**ASSIGNMENT**
Your answer must be an exact copy of the records below, with no pictures in it.

::::

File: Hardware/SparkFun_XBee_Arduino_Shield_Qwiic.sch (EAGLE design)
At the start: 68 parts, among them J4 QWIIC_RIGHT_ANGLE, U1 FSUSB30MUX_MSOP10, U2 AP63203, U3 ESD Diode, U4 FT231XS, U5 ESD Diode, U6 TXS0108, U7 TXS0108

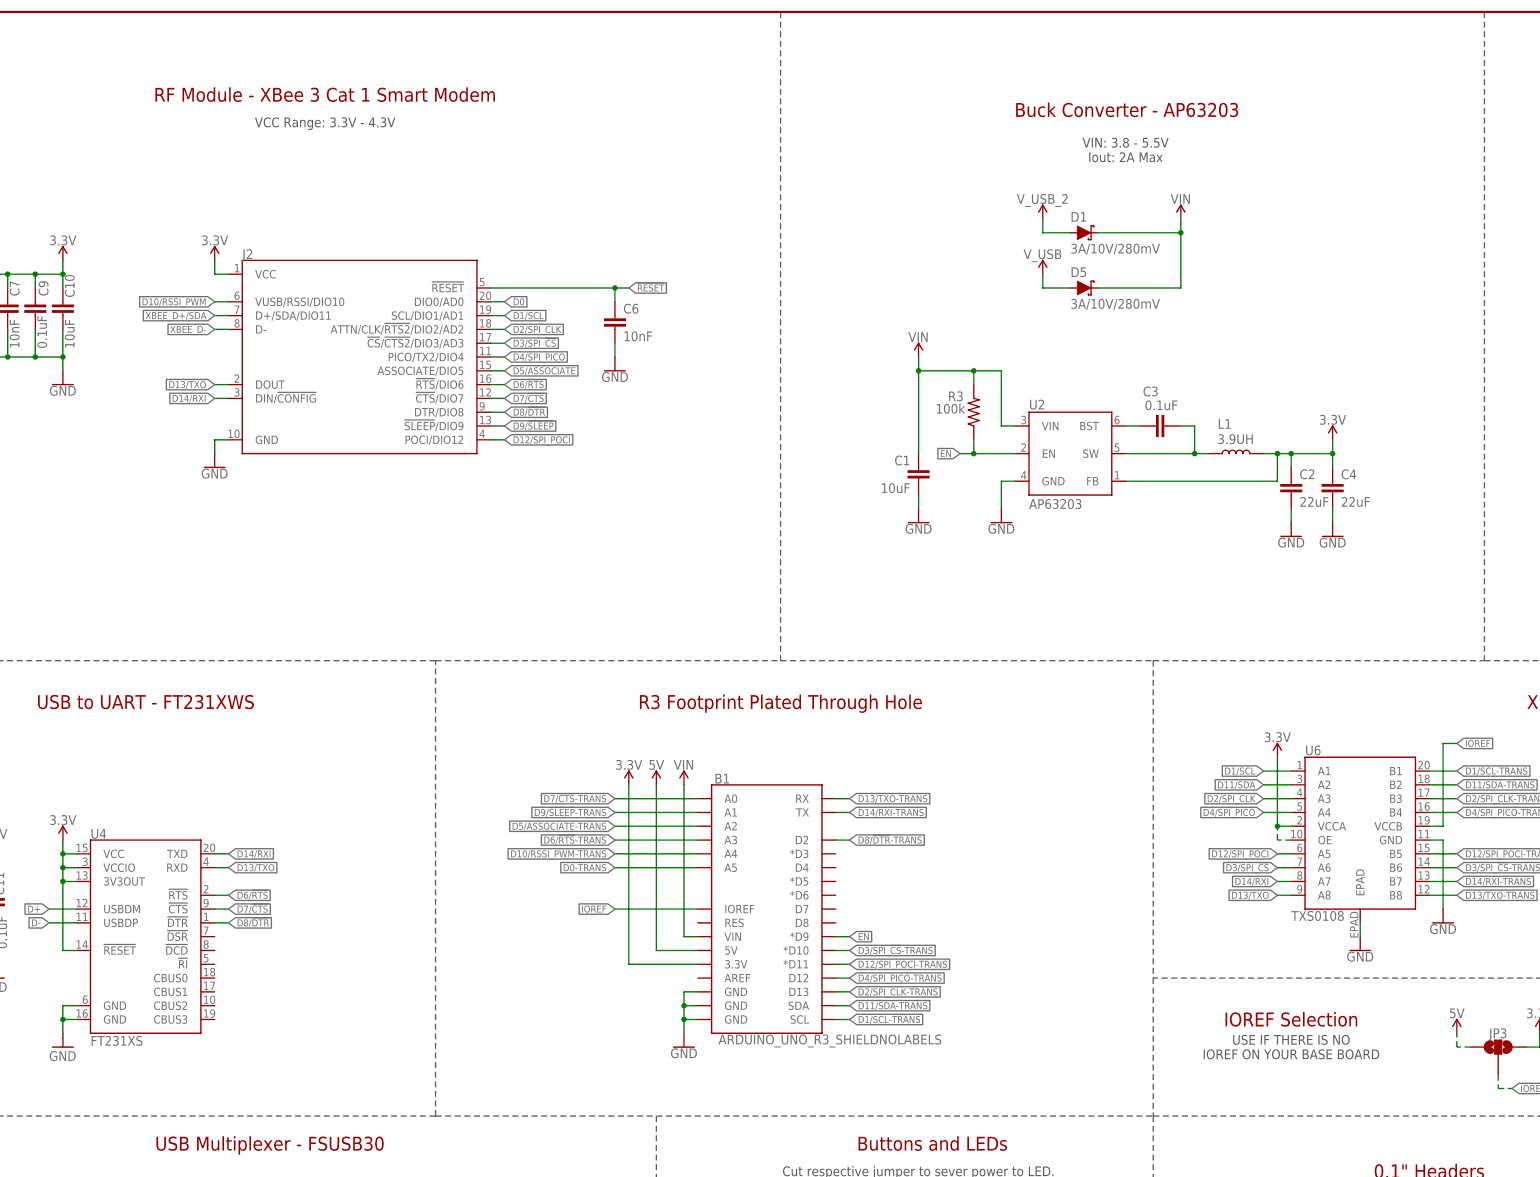
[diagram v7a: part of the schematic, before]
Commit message: Adds "1, 2, 3, 4" to layers and special ordering instructions
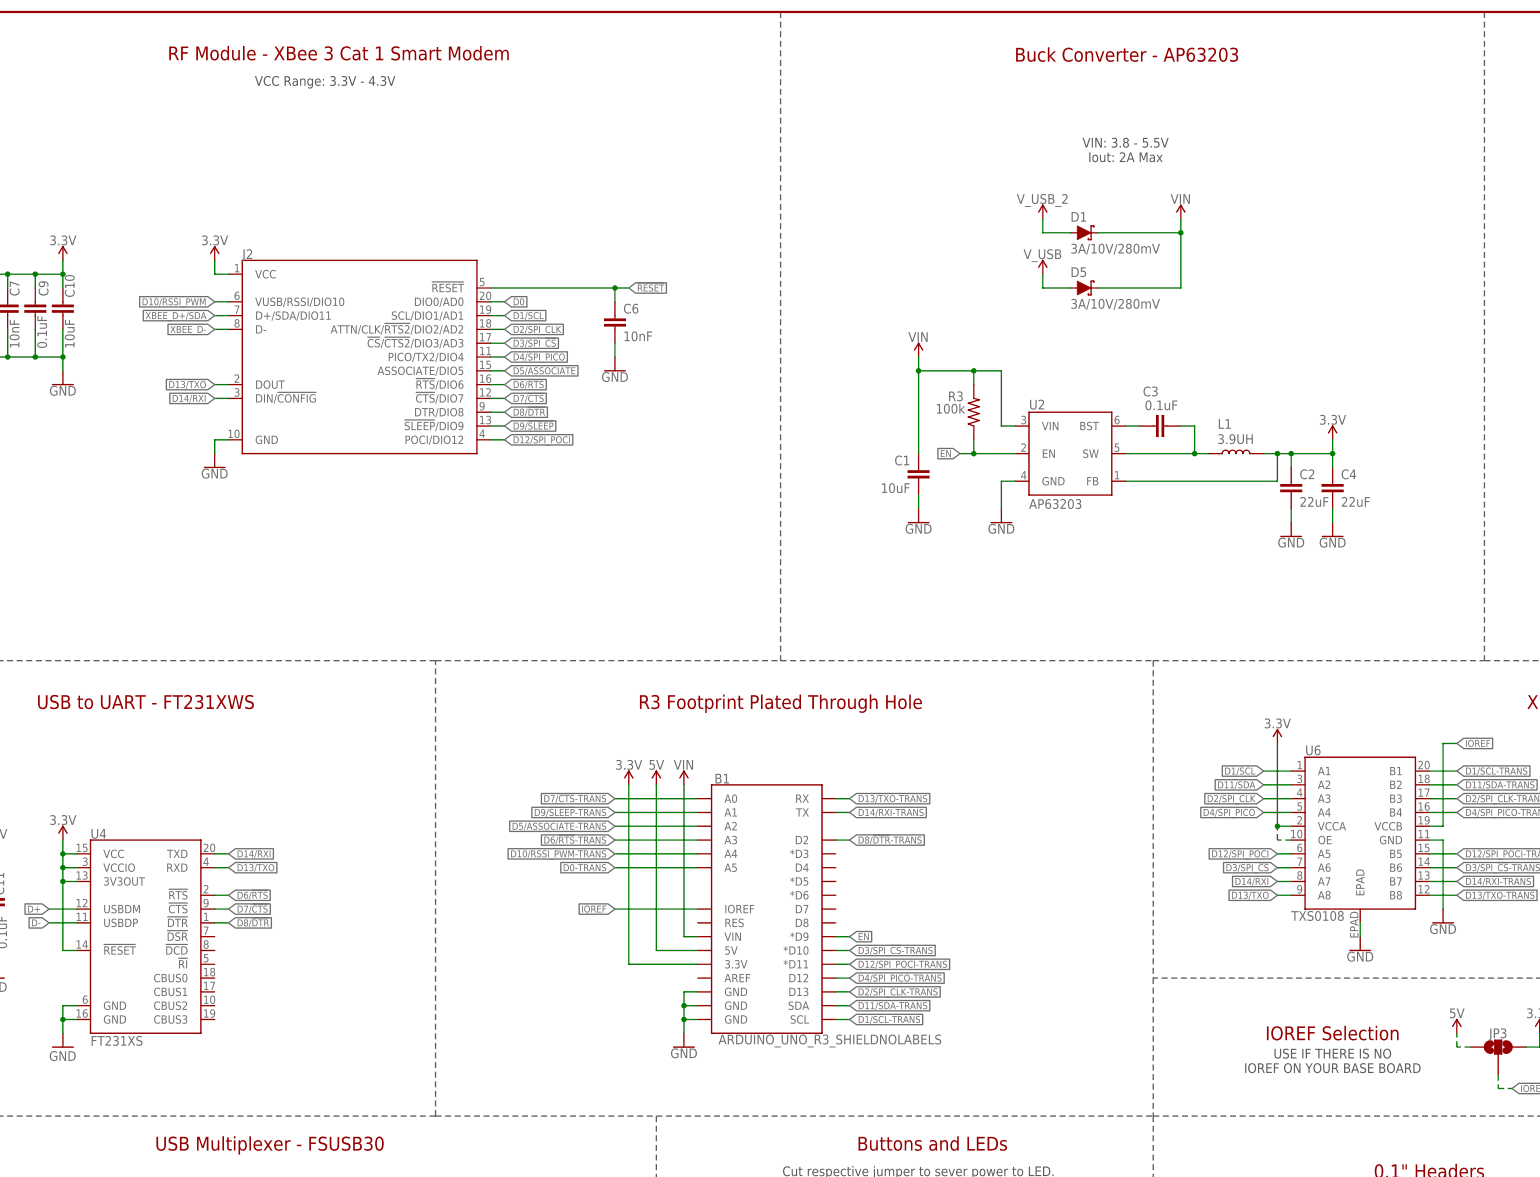
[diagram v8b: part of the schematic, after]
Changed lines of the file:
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@@
 <sheet>
 <plain>
-<text x="76.2" y="259.08" size="1.778" layer="97" font="vector" align="center">VCC Range: 3.3V - 4.3V</text>
-<text x="223.774" y="261.366" size="2.54" layer="94" font="vector" align="center">Buck Converter - AP63203</text>
+<text x="76.2" y="266.7" size="1.778" layer="97" font="vector" align="center">VCC Range: 3.3V - 4.3V</text>
+<text x="223.774" y="271.526" size="2.54" layer="94" font="vector" align="center">Buck Converter - AP63203</text>
 <text x="388.62" y="93.98" size="2.54" layer="94" font="vector" align="center">Qwiic - I2C</text>
 <text x="424.18" y="7.62" size="2.54" layer="94" font="vector" align="center">v01</text>
@@
 <text x="388.62" y="88.9" size="1.778" layer="97" font="vector" align="center">Cut I2C jumper to remove pullups.</text>
 <text x="185.42" y="66.04" size="1.778" layer="97" font="vector" align="center">Cut respective jumper to sever power to LED.</text>
-<text x="76.2" y="264.16" size="2.54" layer="94" font="vector" align="center">RF Module - XBee 3 Cat 1 Smart Modem</text>
+<text x="78.74" y="271.78" size="2.54" layer="94" font="vector" align="center">RF Module - XBee 3 Cat 1 Smart Modem</text>
 <text x="279.4" y="66.04" size="2.54" layer="94" font="vector" align="center">0.1" Headers</text>
 <text x="380.746" y="208.788" size="1.778" layer="97" font="vector">Cut SHLD/SHLD1 jumper to disconnect
@@
 <text x="327.66" y="147.32" size="1.778" layer="97" font="vector" align="center">3.3V (VCCA) -&gt; 3.3V - 5V (VCCB)</text>
 <wire x1="330.2" y1="101.6" x2="228.6" y2="101.6" width="0.2032" layer="97" style="longdash"/>
-<text x="254" y="93.98" size="2.54" layer="94" font="vector" align="center">IOREF Selection </text>
-<text x="254" y="88.9" size="1.778" layer="97" font="vector" align="center">USE IF THERE IS NO
+<text x="261.62" y="91.44" size="2.54" layer="94" font="vector" align="center">IOREF Selection </text>
+<text x="261.62" y="86.36" size="1.778" layer="97" font="vector" align="center">USE IF THERE IS NO
 IOREF ON YOUR BASE BOARD</text>
 <text x="66.04" y="71.12" size="2.54" layer="94" font="vector" align="center">USB Multiplexer - FSUSB30</text>
@@
 <attribute name="VALUE" x="281.94" y="111.506" size="1.778" layer="96" font="vector" rot="MR0" align="top-center"/>
 </instance>
-<instance part="SUPPLY21" gate="G$1" x="251.46" y="142.24" smashed="yes" rot="MR0">
-<attribute name="VALUE" x="251.46" y="145.034" size="1.778" layer="96" font="vector" rot="MR0" align="bottom-center"/>
+<instance part="SUPPLY21" gate="G$1" x="251.46" y="144.78" smashed="yes" rot="MR0">
+<attribute name="VALUE" x="251.46" y="147.574" size="1.778" layer="96" font="vector" rot="MR0" align="bottom-center"/>
 </instance>
 <instance part="GND20" gate="1" x="266.7" y="106.68" smashed="yes" rot="MR0">
@@
 <pinref part="U6" gate="G$1" pin="VCCA"/>
 <wire x1="254" y1="129.54" x2="251.46" y2="129.54" width="0.1524" layer="91"/>
-<wire x1="251.46" y1="129.54" x2="251.46" y2="142.24" width="0.1524" layer="91"/>
+<wire x1="251.46" y1="129.54" x2="251.46" y2="144.78" width="0.1524" layer="91"/>
 <pinref part="SUPPLY21" gate="G$1" pin="3.3V"/>
 <pinref part="U6" gate="G$1" pin="OE"/>

::::

**REPLY TO THE TASK**
File: Hardware/SparkFun_XBee_Arduino_Shield_Qwiic.sch (EAGLE design)
At the start: 68 parts, among them J4 QWIIC_RIGHT_ANGLE, U1 FSUSB30MUX_MSOP10, U2 AP63203, U3 ESD Diode, U4 FT231XS, U5 ESD Diode, U6 TXS0108, U7 TXS0108

[diagram v7a: part of the schematic, before]
Commit message: Adds "1, 2, 3, 4" to layers and special ordering instructions
[diagram v8b: part of the schematic, after]
Changed lines of the file:
@@
 <sheet>
 <plain>
-<text x="76.2" y="259.08" size="1.778" layer="97" font="vector" align="center">VCC Range: 3.3V - 4.3V</text>
-<text x="223.774" y="261.366" size="2.54" layer="94" font="vector" align="center">Buck Converter - AP63203</text>
+<text x="76.2" y="266.7" size="1.778" layer="97" font="vector" align="center">VCC Range: 3.3V - 4.3V</text>
+<text x="223.774" y="271.526" size="2.54" layer="94" font="vector" align="center">Buck Converter - AP63203</text>
 <text x="388.62" y="93.98" size="2.54" layer="94" font="vector" align="center">Qwiic - I2C</text>
 <text x="424.18" y="7.62" size="2.54" layer="94" font="vector" align="center">v01</text>
@@
 <text x="388.62" y="88.9" size="1.778" layer="97" font="vector" align="center">Cut I2C jumper to remove pullups.</text>
 <text x="185.42" y="66.04" size="1.778" layer="97" font="vector" align="center">Cut respective jumper to sever power to LED.</text>
-<text x="76.2" y="264.16" size="2.54" layer="94" font="vector" align="center">RF Module - XBee 3 Cat 1 Smart Modem</text>
+<text x="78.74" y="271.78" size="2.54" layer="94" font="vector" align="center">RF Module - XBee 3 Cat 1 Smart Modem</text>
 <text x="279.4" y="66.04" size="2.54" layer="94" font="vector" align="center">0.1" Headers</text>
 <text x="380.746" y="208.788" size="1.778" layer="97" font="vector">Cut SHLD/SHLD1 jumper to disconnect
@@
 <text x="327.66" y="147.32" size="1.778" layer="97" font="vector" align="center">3.3V (VCCA) -&gt; 3.3V - 5V (VCCB)</text>
 <wire x1="330.2" y1="101.6" x2="228.6" y2="101.6" width="0.2032" layer="97" style="longdash"/>
-<text x="254" y="93.98" size="2.54" layer="94" font="vector" align="center">IOREF Selection </text>
-<text x="254" y="88.9" size="1.778" layer="97" font="vector" align="center">USE IF THERE IS NO
+<text x="261.62" y="91.44" size="2.54" layer="94" font="vector" align="center">IOREF Selection </text>
+<text x="261.62" y="86.36" size="1.778" layer="97" font="vector" align="center">USE IF THERE IS NO
 IOREF ON YOUR BASE BOARD</text>
 <text x="66.04" y="71.12" size="2.54" layer="94" font="vector" align="center">USB Multiplexer - FSUSB30</text>
@@
 <attribute name="VALUE" x="281.94" y="111.506" size="1.778" layer="96" font="vector" rot="MR0" align="top-center"/>
 </instance>
-<instance part="SUPPLY21" gate="G$1" x="251.46" y="142.24" smashed="yes" rot="MR0">
-<attribute name="VALUE" x="251.46" y="145.034" size="1.778" layer="96" font="vector" rot="MR0" align="bottom-center"/>
+<instance part="SUPPLY21" gate="G$1" x="251.46" y="144.78" smashed="yes" rot="MR0">
+<attribute name="VALUE" x="251.46" y="147.574" size="1.778" layer="96" font="vector" rot="MR0" align="bottom-center"/>
 </instance>
 <instance part="GND20" gate="1" x="266.7" y="106.68" smashed="yes" rot="MR0">
@@
 <pinref part="U6" gate="G$1" pin="VCCA"/>
 <wire x1="254" y1="129.54" x2="251.46" y2="129.54" width="0.1524" layer="91"/>
-<wire x1="251.46" y1="129.54" x2="251.46" y2="142.24" width="0.1524" layer="91"/>
+<wire x1="251.46" y1="129.54" x2="251.46" y2="144.78" width="0.1524" layer="91"/>
 <pinref part="SUPPLY21" gate="G$1" pin="3.3V"/>
 <pinref part="U6" gate="G$1" pin="OE"/>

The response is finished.